I grabbed this quote by following a link from Dennis Jerz concerning the issue of ebooks:
David Steinberg, president of corporate strategy and international in New York with HarperCollins, said: “There was a format war. They compete and are not compatible. That creates resistance.”
“Three years ago, there was a huge amount of hype but we did not get caught up in it. We steered away from digitising all our works and dumping them into cyberspace,” he told Reuters.
He said e-books, still a tiny part of the overall business, have a “30 percent plus” annual growth rate with HarperCollins putting out the complete works of thriller writer Agatha Christie electronically.
But the reader’s love affair with the printed word is far from over because, as Chris Barnard, technology analyst at IDC consultancy, concluded, “One problem is that e-books are up against a very established technology, namely books. And most people are very happy with that technology.”

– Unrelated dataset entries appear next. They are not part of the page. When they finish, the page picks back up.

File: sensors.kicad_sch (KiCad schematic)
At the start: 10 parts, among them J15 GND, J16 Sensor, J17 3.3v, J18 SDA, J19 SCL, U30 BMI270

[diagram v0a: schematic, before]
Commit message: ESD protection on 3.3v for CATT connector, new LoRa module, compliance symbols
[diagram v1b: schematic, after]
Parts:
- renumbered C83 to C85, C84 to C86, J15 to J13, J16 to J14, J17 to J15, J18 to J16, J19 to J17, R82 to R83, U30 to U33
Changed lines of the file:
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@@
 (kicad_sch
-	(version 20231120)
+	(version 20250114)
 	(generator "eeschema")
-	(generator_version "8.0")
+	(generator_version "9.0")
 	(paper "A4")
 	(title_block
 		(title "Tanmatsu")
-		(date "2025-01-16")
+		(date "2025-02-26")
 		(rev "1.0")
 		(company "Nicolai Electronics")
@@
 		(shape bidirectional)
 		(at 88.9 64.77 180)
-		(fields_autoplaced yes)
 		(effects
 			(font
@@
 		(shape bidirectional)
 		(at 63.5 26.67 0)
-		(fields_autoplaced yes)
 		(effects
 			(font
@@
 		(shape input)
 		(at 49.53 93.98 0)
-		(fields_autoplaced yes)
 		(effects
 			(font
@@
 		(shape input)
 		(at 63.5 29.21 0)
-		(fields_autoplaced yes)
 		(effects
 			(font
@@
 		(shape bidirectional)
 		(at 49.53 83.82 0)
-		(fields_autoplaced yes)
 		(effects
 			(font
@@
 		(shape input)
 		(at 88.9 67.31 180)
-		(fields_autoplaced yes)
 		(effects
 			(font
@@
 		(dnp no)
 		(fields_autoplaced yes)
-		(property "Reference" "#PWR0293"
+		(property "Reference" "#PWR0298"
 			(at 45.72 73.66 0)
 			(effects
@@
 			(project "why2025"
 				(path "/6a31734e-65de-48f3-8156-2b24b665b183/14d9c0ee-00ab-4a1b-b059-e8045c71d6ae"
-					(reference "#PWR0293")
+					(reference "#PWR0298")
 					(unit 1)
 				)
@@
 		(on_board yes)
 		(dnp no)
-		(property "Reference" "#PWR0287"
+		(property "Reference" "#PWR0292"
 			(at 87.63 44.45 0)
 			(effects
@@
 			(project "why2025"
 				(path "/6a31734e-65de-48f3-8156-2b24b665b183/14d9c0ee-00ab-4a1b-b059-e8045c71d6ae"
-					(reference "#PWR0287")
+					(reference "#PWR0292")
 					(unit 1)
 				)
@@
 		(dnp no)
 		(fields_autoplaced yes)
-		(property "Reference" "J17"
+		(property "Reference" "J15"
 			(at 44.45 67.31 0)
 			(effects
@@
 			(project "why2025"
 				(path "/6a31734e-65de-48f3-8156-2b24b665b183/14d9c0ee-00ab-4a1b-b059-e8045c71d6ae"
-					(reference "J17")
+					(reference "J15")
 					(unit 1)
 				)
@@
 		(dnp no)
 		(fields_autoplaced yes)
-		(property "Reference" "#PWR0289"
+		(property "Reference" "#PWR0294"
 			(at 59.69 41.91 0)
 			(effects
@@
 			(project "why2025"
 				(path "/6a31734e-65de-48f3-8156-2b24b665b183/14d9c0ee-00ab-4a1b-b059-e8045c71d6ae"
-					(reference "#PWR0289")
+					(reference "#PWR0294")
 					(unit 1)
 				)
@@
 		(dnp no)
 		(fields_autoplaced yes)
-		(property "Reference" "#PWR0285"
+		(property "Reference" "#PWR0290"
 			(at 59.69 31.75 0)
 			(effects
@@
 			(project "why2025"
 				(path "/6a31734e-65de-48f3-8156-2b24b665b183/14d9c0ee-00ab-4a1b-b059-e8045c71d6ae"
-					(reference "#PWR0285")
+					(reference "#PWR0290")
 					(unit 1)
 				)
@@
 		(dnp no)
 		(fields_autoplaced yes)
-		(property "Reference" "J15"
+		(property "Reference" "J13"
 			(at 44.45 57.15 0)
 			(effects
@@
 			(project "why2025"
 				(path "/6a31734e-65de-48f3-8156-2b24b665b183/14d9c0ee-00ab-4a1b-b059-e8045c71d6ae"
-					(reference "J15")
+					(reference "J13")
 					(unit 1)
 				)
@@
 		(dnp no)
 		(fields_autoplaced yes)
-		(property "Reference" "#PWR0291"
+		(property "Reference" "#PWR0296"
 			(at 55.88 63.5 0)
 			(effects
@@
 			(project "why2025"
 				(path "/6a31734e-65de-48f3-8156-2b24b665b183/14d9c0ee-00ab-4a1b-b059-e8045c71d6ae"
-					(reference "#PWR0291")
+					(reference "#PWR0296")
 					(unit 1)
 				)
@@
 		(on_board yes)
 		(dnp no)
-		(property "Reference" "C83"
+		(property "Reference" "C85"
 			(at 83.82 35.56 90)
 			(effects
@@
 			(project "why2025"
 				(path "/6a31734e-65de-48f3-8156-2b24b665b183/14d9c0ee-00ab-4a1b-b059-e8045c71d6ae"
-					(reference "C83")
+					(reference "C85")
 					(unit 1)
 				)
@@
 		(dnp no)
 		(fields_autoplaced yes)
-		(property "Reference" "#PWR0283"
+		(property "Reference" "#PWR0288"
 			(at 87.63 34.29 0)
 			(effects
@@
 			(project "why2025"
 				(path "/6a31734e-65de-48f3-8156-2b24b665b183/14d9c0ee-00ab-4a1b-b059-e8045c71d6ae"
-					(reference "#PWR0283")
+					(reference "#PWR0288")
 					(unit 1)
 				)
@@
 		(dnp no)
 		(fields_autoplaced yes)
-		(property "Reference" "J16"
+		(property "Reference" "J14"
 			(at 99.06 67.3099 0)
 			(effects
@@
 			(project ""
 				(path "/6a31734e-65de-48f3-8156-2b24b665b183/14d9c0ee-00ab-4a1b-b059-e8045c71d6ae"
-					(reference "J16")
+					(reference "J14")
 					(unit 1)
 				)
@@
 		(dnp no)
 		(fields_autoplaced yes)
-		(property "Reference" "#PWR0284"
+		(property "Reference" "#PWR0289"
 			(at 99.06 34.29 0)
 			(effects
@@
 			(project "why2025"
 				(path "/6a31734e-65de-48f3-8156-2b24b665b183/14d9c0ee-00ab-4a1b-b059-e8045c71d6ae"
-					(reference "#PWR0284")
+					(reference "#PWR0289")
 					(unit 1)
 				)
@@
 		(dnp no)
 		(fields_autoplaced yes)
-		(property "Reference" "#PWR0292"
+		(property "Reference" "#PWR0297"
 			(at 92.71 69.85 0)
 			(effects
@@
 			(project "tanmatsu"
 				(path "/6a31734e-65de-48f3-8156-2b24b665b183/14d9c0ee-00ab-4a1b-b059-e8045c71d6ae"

Writing has been around in digital form for many years: I’m reading a hypertext novel by Bill Bly at the moment. Scanning books into “book form” and selling them as ebooks misses the point, in my view. For example, I’m also studying Syberia, a work which allows for mutiple renderings of a single narrative event: a text telling, a cinematic telling, and a puppet-show telling. New media allows for this. Certainly a publisher can scan a book into digital form and distribute it for PDA. But is this an effective and affective use of technology? Books are not hypertexts and hypertexts are not books. Then: Christie scanned into digital space would therefore turn Death on the Nile into something else: is there even such thing as an electronic book? Isn’t this like claiming that a flight simulator is a plane?